Il est possible de mesurer le chemin parcouru en ce sens à travers quelques chiffres.

En 1955, il existait en France 2 307 000 exploitations agricoles et la population agricole familiale, c'est-à-dire les chefs d'exploitation et les membres de leur famille, vivant ou travaillant sur ces exploitations, représentait 8 170 000 de personnes. En 1995, le nombre d'exploitations était descendu à 735 000 et les ménages agricoles ne totalisaient plus que 2 372 000 personnes. Ce mouvement à la baisse se poursuit (en 1996, le nombre d'exploitations était de 430 000 et l'Insee estime qu'à l'heure actuelle, environ 65 000 agriculteurs quittent encore chaque année la terre tandis qu'un tiers seulement de ceux qui prennent leur retraite sont remplacés) sans toutefois que la surface agricole utile (SAU) travaillée baisse dans les mêmes proportions. Tous les types de production sont concernés, les cultures mais aussi l'élevage sur sol (bovins, ovins, produits laitiers) et l'élevage hors sol (porcs, poulets, etc.).

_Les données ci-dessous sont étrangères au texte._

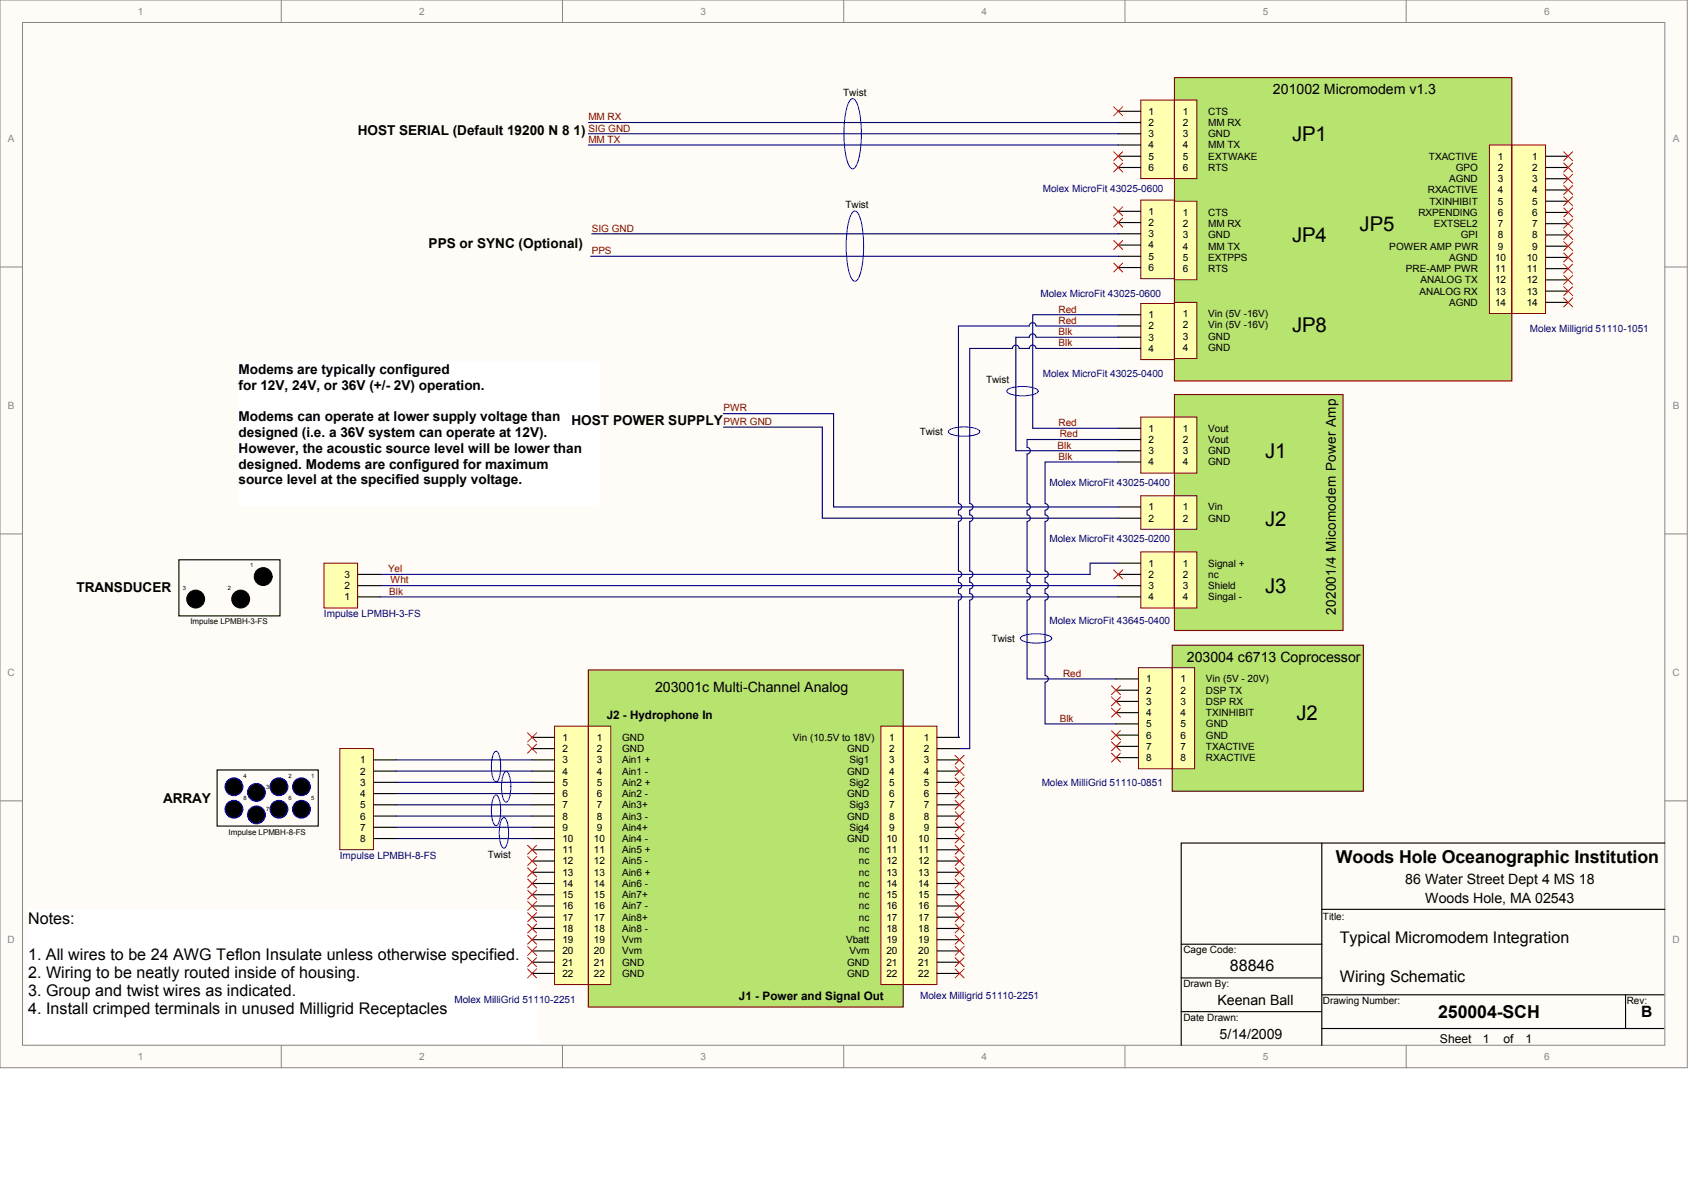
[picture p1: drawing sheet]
<svg xmlns="http://www.w3.org/2000/svg" width="840mm" height="594mm" viewBox="0 0 840 594" stroke-linecap="round" stroke-linejoin="round" font-family="sans-serif">
<g fill="#fffcf8" stroke="#878787" stroke-width=".5">
<path d="M0 0h839v531h-839z"/>
<path d="M11 11h817v509h-817z"/>
</g>
<g fill="none" stroke="#878787" stroke-width=".5">
<path d="M140 0v11M280 0v11M419 0v11M559 0v11M699 0v11M0 133h11M828 133h11M0 265h11M828 265h11M0 398h11M828 398h11M140 520v11"/>
<path d="M280 520v11M419 520v11M559 520v11M699 520v11"/>
</g>
<path d="M657 419v50h-70M828 419h-241v101M657 452h171M657 469v51M587 486h70M657 495h170M808 495v16M587 503h70M657 511h170" fill="none" stroke="#000" stroke-width=".56"/>
<path d="M584 39h168v150h-168z" fill="#b7e36f" stroke="#800000" stroke-width=".56"/>
<g fill="#ffffb0" stroke="#800000" stroke-width=".5">
<path d="M584 150h11v28h-11z"/>
<path d="M584 50h11v39h-11z"/>
<path d="M740 72h12v84h-12z"/>
<path d="M584 100h11v39h-11z"/>
</g>
<path d="M583 321h95v72h-95z" fill="#b7e36f" stroke="#800000" stroke-width=".56"/>
<g fill="#ffffb0" stroke="#800000" stroke-width=".5">
<path d="M583 332h11v50h-11z"/>
<path d="M566 332h17v50h-17z"/>
</g>
<path d="M555 338h11M555 343h11M555 349h11M555 354h11M555 360h11M555 365h11M555 371h11M555 377h11" fill="none" stroke="#000" stroke-width=".56"/>
<path d="M567 50h17v39h-17z" fill="#ffffb0" stroke="#800000" stroke-width=".5"/>
<path d="M556 55h11M556 61h11M556 67h11M556 72h11M556 78h11M556 83h11" fill="none" stroke="#000" stroke-width=".56"/>
<path d="M567 99h17v40h-17z" fill="#ffffb0" stroke="#800000" stroke-width=".5"/>
<path d="M556 105h11M556 111h11M556 116h11M556 122h11M556 127h11M556 133h11" fill="none" stroke="#000" stroke-width=".56"/>
<path d="M567 151h17v28h-17z" fill="#ffffb0" stroke="#800000" stroke-width=".5"/>
<path d="M556 156h11M556 162h11M556 168h11M556 173h11" fill="none" stroke="#000" stroke-width=".56"/>
<path d="M567 207h17v28h-17z" fill="#ffffb0" stroke="#800000" stroke-width=".5"/>
<path d="M556 213h11M556 218h11M556 224h11M556 230h11" fill="none" stroke="#000" stroke-width=".56"/>
<path d="M567 274h17v28h-17z" fill="#ffffb0" stroke="#800000" stroke-width=".5"/>
<path d="M556 280h11M556 286h11M556 291h11M556 297h11" fill="none" stroke="#000" stroke-width=".56"/>
<path d="M567 246h17v17h-17z" fill="#ffffb0" stroke="#800000" stroke-width=".5"/>
<path d="M556 252h11M556 258h11" fill="none" stroke="#000" stroke-width=".56"/>
<path d="M556 156h-43v57h43M556 168h-41a1.6 1.6 0 0 0-2-2 1.6 1.6 0 0 0-1 2h-7v56h51M556 280h-14v6h-353M189 291h367M189 297h367" fill="none" stroke="#000080" stroke-width=".56"/>
<g fill="none" stroke="#f00" stroke-width=".5">
<path d="M554 75l4 5M558 75l-4 5M554 81l4 5M558 81l-4 5M554 103l4 4M558 103l-4 4M554 131l4 4M558 131l-4 4M554 283l4 5M558 283l-4 5M553 352l4 5M553 346l4 5"/>
<path d="M553 341l4 4M557 352l-4 5M557 346l-4 5M557 341l-4 4M553 374l4 5M553 369l4 4M553 363l4 5M557 374l-4 5M557 369l-4 4M557 363l-4 5"/>
</g>
<path d="M14 452h254v67h-254z" fill="#fff" stroke="#fff" stroke-width=".5"/>
<path d="M423 49a4 4 0 0 1 4 5 51 51 0 0 1-2 29l-1 1a4 4 0 0 1-3-5 51 51 0 0 1 1-29zM501 194a17 17 0 0 1 15 0 3 3 0 0 1-4 3h-5a8 8 0 0 1-6-3z" fill="none" stroke="#00f" stroke-width=".5"/>
<path d="M161 280h17v22h-17z" fill="#ffffb0" stroke="#800000" stroke-width=".5"/>
<path d="M178 297h11M178 291h11M178 286h11M108 383h50v28h-50z" fill="none" stroke="#000" stroke-width=".56"/>
<path d="M554 120l4 4M558 120l-4 4" fill="none" stroke="#f00" stroke-width=".5"/>
<g fill="#c90" stroke="#00f" stroke-width=".5">
<circle cx="116" cy="391" r="2.8"/>
<circle cx="116" cy="402" r="2.8"/>
<circle cx="150" cy="391" r="2.8"/>
<circle cx="150" cy="402" r="2.8"/>
</g>
<g fill="#000" stroke="#00f" stroke-width=".5">
<circle cx="116" cy="391" r="4"/>
<circle cx="127" cy="394" r="4"/>
<circle cx="139" cy="391" r="4"/>
<circle cx="150" cy="391" r="4"/>
<circle cx="116" cy="402" r="4"/>
<circle cx="127" cy="405" r="4"/>
<circle cx="139" cy="402" r="4"/>
<circle cx="150" cy="402" r="4"/>
</g>
<path d="M89 278h50v28h-50z" fill="none" stroke="#000" stroke-width=".56"/>
<g fill="#000" stroke="#000" stroke-width=".5">
<circle cx="97" cy="298" r="4"/>
<circle cx="120" cy="298" r="4"/>
<circle cx="131" cy="287" r="4"/>
</g>
<path d="M292 67h264M292 72h264M292 61h264M360 212h49v46h147M360 206h54v46h142" fill="none" stroke="#000080" stroke-width=".56"/>
<path d="M554 108l4 5M558 108l-4 5" fill="none" stroke="#f00" stroke-width=".5"/>
<path d="M752 72h16v84h-16z" fill="#ffffb0" stroke="#800000" stroke-width=".5"/>
<g fill="none" stroke="#000" stroke-width=".56">
<path d="M768 78h12M768 83h12M768 89h12M768 94h12M768 100h12M768 106h12M768 111h12M768 117h12M768 122h12M768 128h12M768 134h12M768 139h12"/>
<path d="M768 145h12M768 150h12"/>
</g>
<g fill="none" stroke="#f00" stroke-width=".5">
<path d="M777 75l5 5M782 75l-5 5M777 87l5 4M777 92l5 5M777 98l5 4M782 87l-5 4M782 92l-5 5M782 98l-5 4M777 103l5 5M782 103l-5 5M777 120l5 5M777 126l5 4"/>
<path d="M777 131l5 5M777 137l5 4M782 120l-5 5M782 126l-5 4M782 131l-5 5M782 137l-5 4M777 142l5 5M777 148l5 5M782 142l-5 5M782 148l-5 5"/>
</g>
<path d="M556 218h-45v4a1.6 1.6 0 0 1 1 2 1.6 1.6 0 0 1-1 2v24a1.6 1.6 0 0 1 1 2 1.6 1.6 0 0 1-1 2M556 230h-36v20a1.6 1.6 0 0 1 1 2 1.6 1.6 0 0 1-1 2M511 254v2a1.6 1.6 0 0 1 1 2 1.6 1.6 0 0 1-1 1v25a1.6 1.6 0 0 1 1 2 1.6 1.6 0 0 1-1 1v2a1.6 1.6 0 0 1 1 2 1.6 1.6 0 0 1-1 2v2a1.6 1.6 0 0 1 1 2 1.6 1.6 0 0 1-1 1v40h44M520 254v2a1.6 1.6 0 0 1 1 2 1.6 1.6 0 0 1-1 1v25a1.6 1.6 0 0 1 1 2 1.6 1.6 0 0 1-1 1v2a1.6 1.6 0 0 1 1 2 1.6 1.6 0 0 1-1 2v2a1.6 1.6 0 0 1 1 2 1.6 1.6 0 0 1-1 1v38a1.6 1.6 0 0 1 1 1 1.6 1.6 0 0 1-1 2v21h35" fill="none" stroke="#000080" stroke-width=".56"/>
<path d="M472 214a17 17 0 0 1 15 0 3 3 0 0 1-4 3h-5a8 8 0 0 1-7-2zM508 317a17 17 0 0 1 15 0 3 3 0 0 1-4 2l-5 1a8 8 0 0 1-7-3z" fill="none" stroke="#00f" stroke-width=".5"/>
<path d="M292 333h157v168h-157z" fill="#b7e36f" stroke="#800000" stroke-width=".56"/>
<g fill="#ffffb0" stroke="#800000" stroke-width=".5">
<path d="M292 361h12v128h-12z"/>
<path d="M438 361h11v128h-11z"/>
<path d="M276 361h16v128h-16z"/>
</g>
<g fill="none" stroke="#000" stroke-width=".56">
<path d="M265 367h11M265 372h11M265 378h11M265 383h11M265 389h11M265 395h11M265 400h11M265 406h11M265 411h11M265 417h11M265 422h11M265 428h11"/>
<path d="M265 434h11M265 439h11M265 445h11M265 450h11M265 456h11M265 462h11M265 467h11M265 473h11M265 478h11M265 484h11"/>
</g>
<path d="M449 361h17v128h-17z" fill="#ffffb0" stroke="#800000" stroke-width=".5"/>
<g fill="none" stroke="#000" stroke-width=".56">
<path d="M466 367h11M466 372h11M466 378h11M466 383h11M466 389h11M466 395h11M466 400h11M466 406h11M466 411h11M466 417h11M466 422h11M466 428h11"/>
<path d="M466 434h11M466 439h11M466 445h11M466 450h11M466 456h11M466 462h11M466 467h11M466 473h11M466 478h11M466 484h11"/>
</g>
<path d="M197 378h68M197 383h68M197 389h68M197 395h68M197 400h68M197 406h68M197 411h68M197 417h68" fill="none" stroke="#000080" stroke-width=".56"/>
<path d="M246 374a3 3 0 0 1 3 4v4a7 7 0 0 1-2 7 11 11 0 0 1-2-11zM246 396v-1a3 3 0 0 1 3 4v5a7 7 0 0 1-2 7 11 11 0 0 1-2-12zM251 384a3 3 0 0 1 3 4v4a7 7 0 0 1-2 7 11 11 0 0 1-2-11zM250 407a3 3 0 0 1 3 4v4a7 7 0 0 1-2 7 11 11 0 0 1-3-11z" fill="none" stroke="#00f" stroke-width=".5"/>
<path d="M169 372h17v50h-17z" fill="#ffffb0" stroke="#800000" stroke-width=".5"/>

Si l'on considère les productions végétales (céréales, arboriculture, maraîchage, etc.), en 1955, les petites exploitations, d'une superficie agricole utilisée ne dépassant pas 20 hectares, représentaient 79 % de la totalité des exploitations tandis que 4 % disposaient de 50 hectares et plus. En 1995, les exploitations ne dépassant pas 20 hectares ne représentaient plus que 49 % du total des exploitations tandis que 27 % disposaient de 50 hectares et plus. La taille moyenne des exploitations était passée, dans le même laps de temps, de 14 à 39 hectares. Et les exploitations petites (moins de 20 hectares) et moyennes (entre 20 et 50 hectares) sont pour l'essentiel (près de 60 %) des exploitations conjugales, familiales, voire individuelles, sans aucun salarié agricole à titre saisonnier ou permanent.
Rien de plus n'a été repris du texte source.